2. Collect baseline data: Gather data on the current status of maternal health access in the target area. This can be done through surveys, interviews, and analysis of existing data sources such as health records and demographic surveys.

3. Implement interventions: Implement the recommended interventions to improve access to maternal health. This can include training community health workers, improving transportation infrastructure, and increasing the availability of healthcare facilities.
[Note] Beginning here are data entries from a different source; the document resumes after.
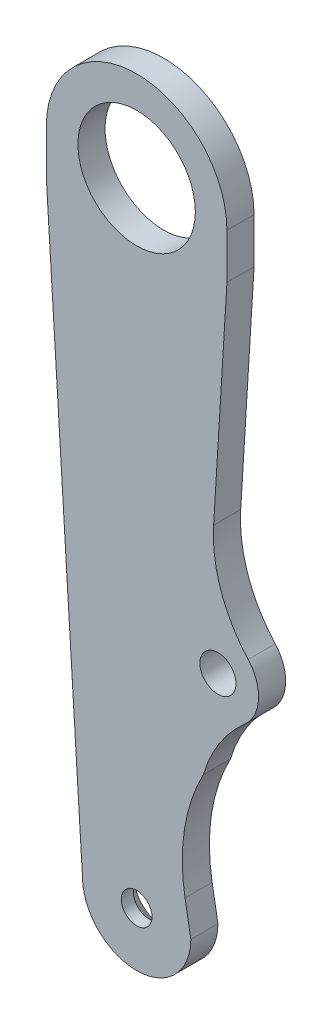
ISO-10303-21;
HEADER;
FILE_DESCRIPTION(('STEP AP214'),'2;1');
FILE_NAME('part.step','',(''),(''),'','','');
FILE_SCHEMA(('AUTOMOTIVE_DESIGN { 1 0 10303 214 1 1 1 1 }'));
ENDSEC;
DATA;
#1=APPLICATION_CONTEXT('core data for automotive mechanical design processes');
#2=APPLICATION_PROTOCOL_DEFINITION('international standard','automotive_design',2000,#1);
#3=PRODUCT_CONTEXT('',#1,'mechanical');
#4=PRODUCT('Part','Part','',(#3));
#5=PRODUCT_RELATED_PRODUCT_CATEGORY('part','',(#4));
#6=PRODUCT_DEFINITION_FORMATION('','',#4);
#7=PRODUCT_DEFINITION_CONTEXT('part definition',#1,'design');
#8=PRODUCT_DEFINITION('design','',#6,#7);
#9=PRODUCT_DEFINITION_SHAPE('','',#8);
#10=(LENGTH_UNIT() NAMED_UNIT(*) SI_UNIT(.MILLI.,.METRE.));
#11=(NAMED_UNIT(*) PLANE_ANGLE_UNIT() SI_UNIT($,.RADIAN.));
#12=(NAMED_UNIT(*) SI_UNIT($,.STERADIAN.) SOLID_ANGLE_UNIT());
#13=UNCERTAINTY_MEASURE_WITH_UNIT(LENGTH_MEASURE(1.E-05),#10,'distance_accuracy_value','');
#14=(GEOMETRIC_REPRESENTATION_CONTEXT(3) GLOBAL_UNCERTAINTY_ASSIGNED_CONTEXT((#13)) GLOBAL_UNIT_ASSIGNED_CONTEXT((#10,
#11,#12)) REPRESENTATION_CONTEXT('',''));
#15=CARTESIAN_POINT('',(0.,0.,0.));
#16=DIRECTION('',(0.,0.,1.));
#17=DIRECTION('',(1.,0.,0.));
#18=AXIS2_PLACEMENT_3D('',#15,#16,#17);
#19=CARTESIAN_POINT('',(0.,0.,0.));
#20=DIRECTION('',(0.,0.,1.));
#21=DIRECTION('',(1.,0.,0.));
#22=AXIS2_PLACEMENT_3D('',#19,#20,#21);
#23=PLANE('',#22);
#24=CARTESIAN_POINT('',(21.7837604708258,-22.7249946765542,0.));
#25=DIRECTION('',(0.,0.,1.));
#26=DIRECTION('',(1.,0.,0.));
#27=AXIS2_PLACEMENT_3D('',#24,#25,#26);
#28=CIRCLE('',#27,15.);
#29=CARTESIAN_POINT('',(11.9500985701906,-11.3980756945894,0.));
#30=VERTEX_POINT('',#29);
#31=CARTESIAN_POINT('',(7.3910741342489,-18.5,0.));
#32=VERTEX_POINT('',#31);
#33=EDGE_CURVE('E236',#30,#32,#28,.T.);
#34=ORIENTED_EDGE('',*,*,#33,.T.);
#35=CARTESIAN_POINT('',(25.0535709837935,-27.882761056311,0.));
#36=DIRECTION('',(0.,0.,1.));
#37=DIRECTION('',(1.,0.,0.));
#38=AXIS2_PLACEMENT_3D('',#35,#36,#37);
#39=CIRCLE('',#38,20.);
#40=CARTESIAN_POINT('',(5.35741592354935,-31.3557246096497,0.));
#41=VERTEX_POINT('',#40);
#42=EDGE_CURVE('E12',#32,#41,#39,.T.);
#43=ORIENTED_EDGE('',*,*,#42,.T.);
#44=DIRECTION('',(-0.173648177666935,0.984807753012207,0.));
#45=VECTOR('',#44,1.);
#46=CARTESIAN_POINT('',(-0.166274645841638,-0.0293187062696261,0.));
#47=LINE('',#46,#45);
#48=CARTESIAN_POINT('',(6.,-35.,0.));
#49=VERTEX_POINT('',#48);
#50=EDGE_CURVE('E127',#49,#41,#47,.T.);
#51=ORIENTED_EDGE('',*,*,#50,.F.);
#52=CARTESIAN_POINT('',(0.,-35.,0.));
#53=DIRECTION('',(0.,0.,-1.));
#54=DIRECTION('',(-1.,0.,0.));
#55=AXIS2_PLACEMENT_3D('',#52,#53,#54);
#56=CIRCLE('',#55,6.);
#57=CARTESIAN_POINT('',(-6.,-35.,0.));
#58=VERTEX_POINT('',#57);
#59=EDGE_CURVE('E141',#49,#58,#56,.T.);
#60=ORIENTED_EDGE('',*,*,#59,.T.);
#61=DIRECTION('',(0.06142226891833,-0.998111869922868,0.));
#62=VECTOR('',#61,1.);
#63=CARTESIAN_POINT('',(-8.12308417825983,-0.499882103277526,0.));
#64=LINE('',#63,#62);
#65=CARTESIAN_POINT('',(-9.99999999999999,30.0000000000002,0.));
#66=VERTEX_POINT('',#65);
#67=EDGE_CURVE('E135',#66,#58,#64,.T.);
#68=ORIENTED_EDGE('',*,*,#67,.F.);
#69=DIRECTION('',(0.,-1.,0.));
#70=VECTOR('',#69,1.);
#71=CARTESIAN_POINT('',(-9.99999999999999,0.,0.));
#72=LINE('',#71,#70);
#73=CARTESIAN_POINT('',(-9.99999999999999,35.,0.));
#74=VERTEX_POINT('',#73);
#75=EDGE_CURVE('E206',#74,#66,#72,.T.);
#76=ORIENTED_EDGE('',*,*,#75,.F.);
#77=CARTESIAN_POINT('',(0.,35.,0.));
#78=DIRECTION('',(0.,0.,1.));
#79=DIRECTION('',(1.,0.,0.));
#80=AXIS2_PLACEMENT_3D('',#77,#78,#79);
#81=CIRCLE('',#80,9.99999999999999);
#82=CARTESIAN_POINT('',(9.99999999999999,35.,0.));
#83=VERTEX_POINT('',#82);
#84=EDGE_CURVE('E185',#83,#74,#81,.T.);
#85=ORIENTED_EDGE('',*,*,#84,.F.);
#86=DIRECTION('',(0.,-1.,0.));
#87=VECTOR('',#86,1.);
#88=CARTESIAN_POINT('',(9.99999999999999,0.,0.));
#89=LINE('',#88,#87);
#90=CARTESIAN_POINT('',(9.99999999999999,30.0000000000002,0.));
#91=VERTEX_POINT('',#90);
#92=EDGE_CURVE('E194',#83,#91,#89,.T.);
#93=ORIENTED_EDGE('',*,*,#92,.T.);
#94=DIRECTION('',(-0.06142226891833,-0.998111869922868,0.));
#95=VECTOR('',#94,1.);
#96=CARTESIAN_POINT('',(8.12308417825983,-0.499882103277526,0.));
#97=LINE('',#96,#95);
#98=CARTESIAN_POINT('',(8.52109371572055,5.96777288045908,0.));
#99=VERTEX_POINT('',#98);
#100=EDGE_CURVE('E154',#91,#99,#97,.T.);
#101=ORIENTED_EDGE('',*,*,#100,.T.);
#102=CARTESIAN_POINT('',(23.4927717645636,5.04643884668413,0.));
#103=DIRECTION('',(0.,0.,1.));
#104=DIRECTION('',(1.,0.,0.));
#105=AXIS2_PLACEMENT_3D('',#102,#103,#104);
#106=CIRCLE('',#105,15.);
#107=CARTESIAN_POINT('',(12.3444857918224,-4.9892833430729,0.));
#108=VERTEX_POINT('',#107);
#109=EDGE_CURVE('E233',#99,#108,#106,.T.);
#110=ORIENTED_EDGE('',*,*,#109,.T.);
#111=CARTESIAN_POINT('',(8.99999999999999,-8.,0.));
#112=DIRECTION('',(0.,0.,-1.));
#113=DIRECTION('',(-1.,0.,0.));
#114=AXIS2_PLACEMENT_3D('',#111,#112,#113);
#115=CIRCLE('',#114,4.5);
#116=EDGE_CURVE('E157',#108,#30,#115,.T.);
#117=ORIENTED_EDGE('',*,*,#116,.T.);
#118=EDGE_LOOP('',(#34,#43,#51,#60,#68,#76,#85,#93,#101,#110,#117));
#119=FACE_BOUND('',#118,.T.);
#120=CARTESIAN_POINT('',(8.99999999999999,-8.,0.));
#121=DIRECTION('',(0.,0.,1.));
#122=DIRECTION('',(1.,0.,0.));
#123=AXIS2_PLACEMENT_3D('',#120,#121,#122);
#124=CIRCLE('',#123,2.);
#125=CARTESIAN_POINT('',(11.,-8.,0.));
#126=VERTEX_POINT('',#125);
#127=EDGE_CURVE('E257',#126,#126,#124,.T.);
#128=ORIENTED_EDGE('',*,*,#127,.T.);
#129=EDGE_LOOP('',(#128));
#130=FACE_BOUND('',#129,.T.);
#131=CARTESIAN_POINT('',(0.,35.,0.));
#132=DIRECTION('',(0.,0.,1.));
#133=DIRECTION('',(1.,0.,0.));
#134=AXIS2_PLACEMENT_3D('',#131,#132,#133);
#135=CIRCLE('',#134,6.5);
#136=CARTESIAN_POINT('',(6.5,35.,0.));
#137=VERTEX_POINT('',#136);
#138=EDGE_CURVE('E181',#137,#137,#135,.T.);
#139=ORIENTED_EDGE('',*,*,#138,.T.);
#140=EDGE_LOOP('',(#139));
#141=FACE_BOUND('',#140,.T.);
#142=CARTESIAN_POINT('',(0.,-35.,0.));
#143=DIRECTION('',(0.,0.,-1.));
#144=DIRECTION('',(-1.,0.,0.));
#145=AXIS2_PLACEMENT_3D('',#142,#143,#144);
#146=CIRCLE('',#145,3.36);
#147=CARTESIAN_POINT('',(-3.36,-35.,0.));
#148=VERTEX_POINT('',#147);
#149=EDGE_CURVE('E451',#148,#148,#146,.T.);
#150=ORIENTED_EDGE('',*,*,#149,.F.);
#151=EDGE_LOOP('',(#150));
#152=FACE_BOUND('',#151,.T.);
#153=ADVANCED_FACE('F42',(#119,#130,#141,#152),#23,.F.);
#154=CARTESIAN_POINT('',(0.,0.,3.));
#155=DIRECTION('',(0.,0.,1.));
#156=DIRECTION('',(1.,0.,0.));
#157=AXIS2_PLACEMENT_3D('',#154,#155,#156);
#158=PLANE('',#157);
#159=CARTESIAN_POINT('',(0.,-35.,3.));
#160=DIRECTION('',(0.,0.,-1.));
#161=DIRECTION('',(-1.,0.,0.));
#162=AXIS2_PLACEMENT_3D('',#159,#160,#161);
#163=CIRCLE('',#162,1.69999999999999);
#164=CARTESIAN_POINT('',(-1.69999999999999,-35.,3.));
#165=VERTEX_POINT('',#164);
#166=EDGE_CURVE('E456',#165,#165,#163,.T.);
#167=ORIENTED_EDGE('',*,*,#166,.T.);
#168=EDGE_LOOP('',(#167));
#169=FACE_BOUND('',#168,.T.);
#170=CARTESIAN_POINT('',(8.99999999999999,-8.,3.));
#171=DIRECTION('',(0.,0.,1.));
#172=DIRECTION('',(1.,0.,0.));
#173=AXIS2_PLACEMENT_3D('',#170,#171,#172);
#174=CIRCLE('',#173,2.);
#175=CARTESIAN_POINT('',(11.,-8.,3.));
#176=VERTEX_POINT('',#175);
#177=EDGE_CURVE('E253',#176,#176,#174,.T.);
#178=ORIENTED_EDGE('',*,*,#177,.F.);
#179=EDGE_LOOP('',(#178));
#180=FACE_BOUND('',#179,.T.);
#181=CARTESIAN_POINT('',(0.,35.,3.));
#182=DIRECTION('',(0.,0.,1.));
#183=DIRECTION('',(1.,0.,0.));
#184=AXIS2_PLACEMENT_3D('',#181,#182,#183);
#185=CIRCLE('',#184,6.5);
#186=CARTESIAN_POINT('',(6.5,35.,3.));
#187=VERTEX_POINT('',#186);
#188=EDGE_CURVE('E180',#187,#187,#185,.T.);
#189=ORIENTED_EDGE('',*,*,#188,.F.);
#190=EDGE_LOOP('',(#189));
#191=FACE_BOUND('',#190,.T.);
#192=DIRECTION('',(-0.173648177666935,0.984807753012207,0.));
#193=VECTOR('',#192,1.);
#194=CARTESIAN_POINT('',(-0.166274645841638,-0.0293187062696261,3.));
#195=LINE('',#194,#193);
#196=CARTESIAN_POINT('',(6.,-35.,3.));
#197=VERTEX_POINT('',#196);
#198=CARTESIAN_POINT('',(5.35741592354935,-31.3557246096497,3.));
#199=VERTEX_POINT('',#198);
#200=EDGE_CURVE('E129',#197,#199,#195,.T.);
#201=ORIENTED_EDGE('',*,*,#200,.T.);
#202=CARTESIAN_POINT('',(25.0535709837935,-27.882761056311,3.));
#203=DIRECTION('',(0.,0.,1.));
#204=DIRECTION('',(1.,0.,0.));
#205=AXIS2_PLACEMENT_3D('',#202,#203,#204);
#206=CIRCLE('',#205,20.);
#207=CARTESIAN_POINT('',(7.3910741342489,-18.5,3.));
#208=VERTEX_POINT('',#207);
#209=EDGE_CURVE('E51',#199,#208,#206,.F.);
#210=ORIENTED_EDGE('',*,*,#209,.T.);
#211=CARTESIAN_POINT('',(21.7837604708258,-22.7249946765542,3.));
#212=DIRECTION('',(0.,0.,1.));
#213=DIRECTION('',(1.,0.,0.));
#214=AXIS2_PLACEMENT_3D('',#211,#212,#213);
#215=CIRCLE('',#214,15.);
#216=CARTESIAN_POINT('',(11.9500985701906,-11.3980756945894,3.));
#217=VERTEX_POINT('',#216);
#218=EDGE_CURVE('E239',#208,#217,#215,.F.);
#219=ORIENTED_EDGE('',*,*,#218,.T.);
#220=CARTESIAN_POINT('',(8.99999999999999,-8.,3.));
#221=DIRECTION('',(0.,0.,1.));
#222=DIRECTION('',(1.,0.,0.));
#223=AXIS2_PLACEMENT_3D('',#220,#221,#222);
#224=CIRCLE('',#223,4.5);
#225=CARTESIAN_POINT('',(12.3444857918224,-4.9892833430729,3.));
#226=VERTEX_POINT('',#225);
#227=EDGE_CURVE('E150',#226,#217,#224,.F.);
#228=ORIENTED_EDGE('',*,*,#227,.F.);
#229=CARTESIAN_POINT('',(23.4927717645636,5.04643884668413,3.));
#230=DIRECTION('',(0.,0.,1.));
#231=DIRECTION('',(1.,0.,0.));
#232=AXIS2_PLACEMENT_3D('',#229,#230,#231);
#233=CIRCLE('',#232,15.);
#234=CARTESIAN_POINT('',(8.52109371572055,5.96777288045908,3.));
#235=VERTEX_POINT('',#234);
#236=EDGE_CURVE('E230',#226,#235,#233,.F.);
#237=ORIENTED_EDGE('',*,*,#236,.T.);
#238=DIRECTION('',(0.06142226891833,0.998111869922868,0.));
#239=VECTOR('',#238,1.);
#240=CARTESIAN_POINT('',(8.12308417825983,-0.499882103277526,3.));
#241=LINE('',#240,#239);
#242=CARTESIAN_POINT('',(9.99999999999999,30.0000000000002,3.));
#243=VERTEX_POINT('',#242);
#244=EDGE_CURVE('E166',#235,#243,#241,.T.);
#245=ORIENTED_EDGE('',*,*,#244,.T.);
#246=DIRECTION('',(0.,-1.,0.));
#247=VECTOR('',#246,1.);
#248=CARTESIAN_POINT('',(9.99999999999999,0.,3.));
#249=LINE('',#248,#247);
#250=CARTESIAN_POINT('',(9.99999999999999,35.,3.));
#251=VERTEX_POINT('',#250);
#252=EDGE_CURVE('E198',#251,#243,#249,.T.);
#253=ORIENTED_EDGE('',*,*,#252,.F.);
#254=CARTESIAN_POINT('',(0.,35.,3.));
#255=DIRECTION('',(0.,0.,1.));
#256=DIRECTION('',(1.,0.,0.));
#257=AXIS2_PLACEMENT_3D('',#254,#255,#256);
#258=CIRCLE('',#257,9.99999999999999);
#259=CARTESIAN_POINT('',(-9.99999999999999,35.,3.));
#260=VERTEX_POINT('',#259);
#261=EDGE_CURVE('E189',#251,#260,#258,.T.);
#262=ORIENTED_EDGE('',*,*,#261,.T.);
#263=DIRECTION('',(0.,-1.,0.));
#264=VECTOR('',#263,1.);
#265=CARTESIAN_POINT('',(-9.99999999999999,0.,3.));
#266=LINE('',#265,#264);
#267=CARTESIAN_POINT('',(-9.99999999999999,30.,3.));
#268=VERTEX_POINT('',#267);
#269=EDGE_CURVE('E193',#260,#268,#266,.T.);
#270=ORIENTED_EDGE('',*,*,#269,.T.);
#271=DIRECTION('',(-0.06142226891833,0.998111869922868,0.));
#272=VECTOR('',#271,1.);
#273=CARTESIAN_POINT('',(-8.12308417825983,-0.499882103277526,3.));
#274=LINE('',#273,#272);
#275=CARTESIAN_POINT('',(-6.,-35.,3.));
#276=VERTEX_POINT('',#275);
#277=EDGE_CURVE('E177',#276,#268,#274,.T.);
#278=ORIENTED_EDGE('',*,*,#277,.F.);
#279=CARTESIAN_POINT('',(0.,-35.,3.));
#280=DIRECTION('',(0.,0.,1.));
#281=DIRECTION('',(1.,0.,0.));
#282=AXIS2_PLACEMENT_3D('',#279,#280,#281);
#283=CIRCLE('',#282,6.);
#284=EDGE_CURVE('E149',#197,#276,#283,.F.);
#285=ORIENTED_EDGE('',*,*,#284,.F.);
#286=EDGE_LOOP('',(#201,#210,#219,#228,#237,#245,#253,#262,#270,#278,#285));
#287=FACE_BOUND('',#286,.T.);
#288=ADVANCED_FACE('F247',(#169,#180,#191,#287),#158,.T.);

4. Monitor and evaluate: Continuously monitor the implementation of the interventions and collect data on the indicators identified in step 1. This can be done through regular surveys, interviews, and data analysis.

5. Analyze data: Analyze the collected data to assess the impact of the interventions on improving access to maternal health. This can involve statistical analysis to determine changes in the indicators over time and qualitative analysis to understand the experiences and perceptions of women accessing maternal health services.

6. Draw conclusions and make recommendations: Based on the analysis of the data, draw conclusions about the effectiveness of the interventions in improving access to maternal health. Make recommendations for further improvements and adjustments to the interventions based on the findings.

7. Disseminate findings: Share the findings of the impact assessment with relevant stakeholders, including policymakers, healthcare providers, and community members. Use the findings to advocate for further investment in maternal health and to inform future interventions and policies.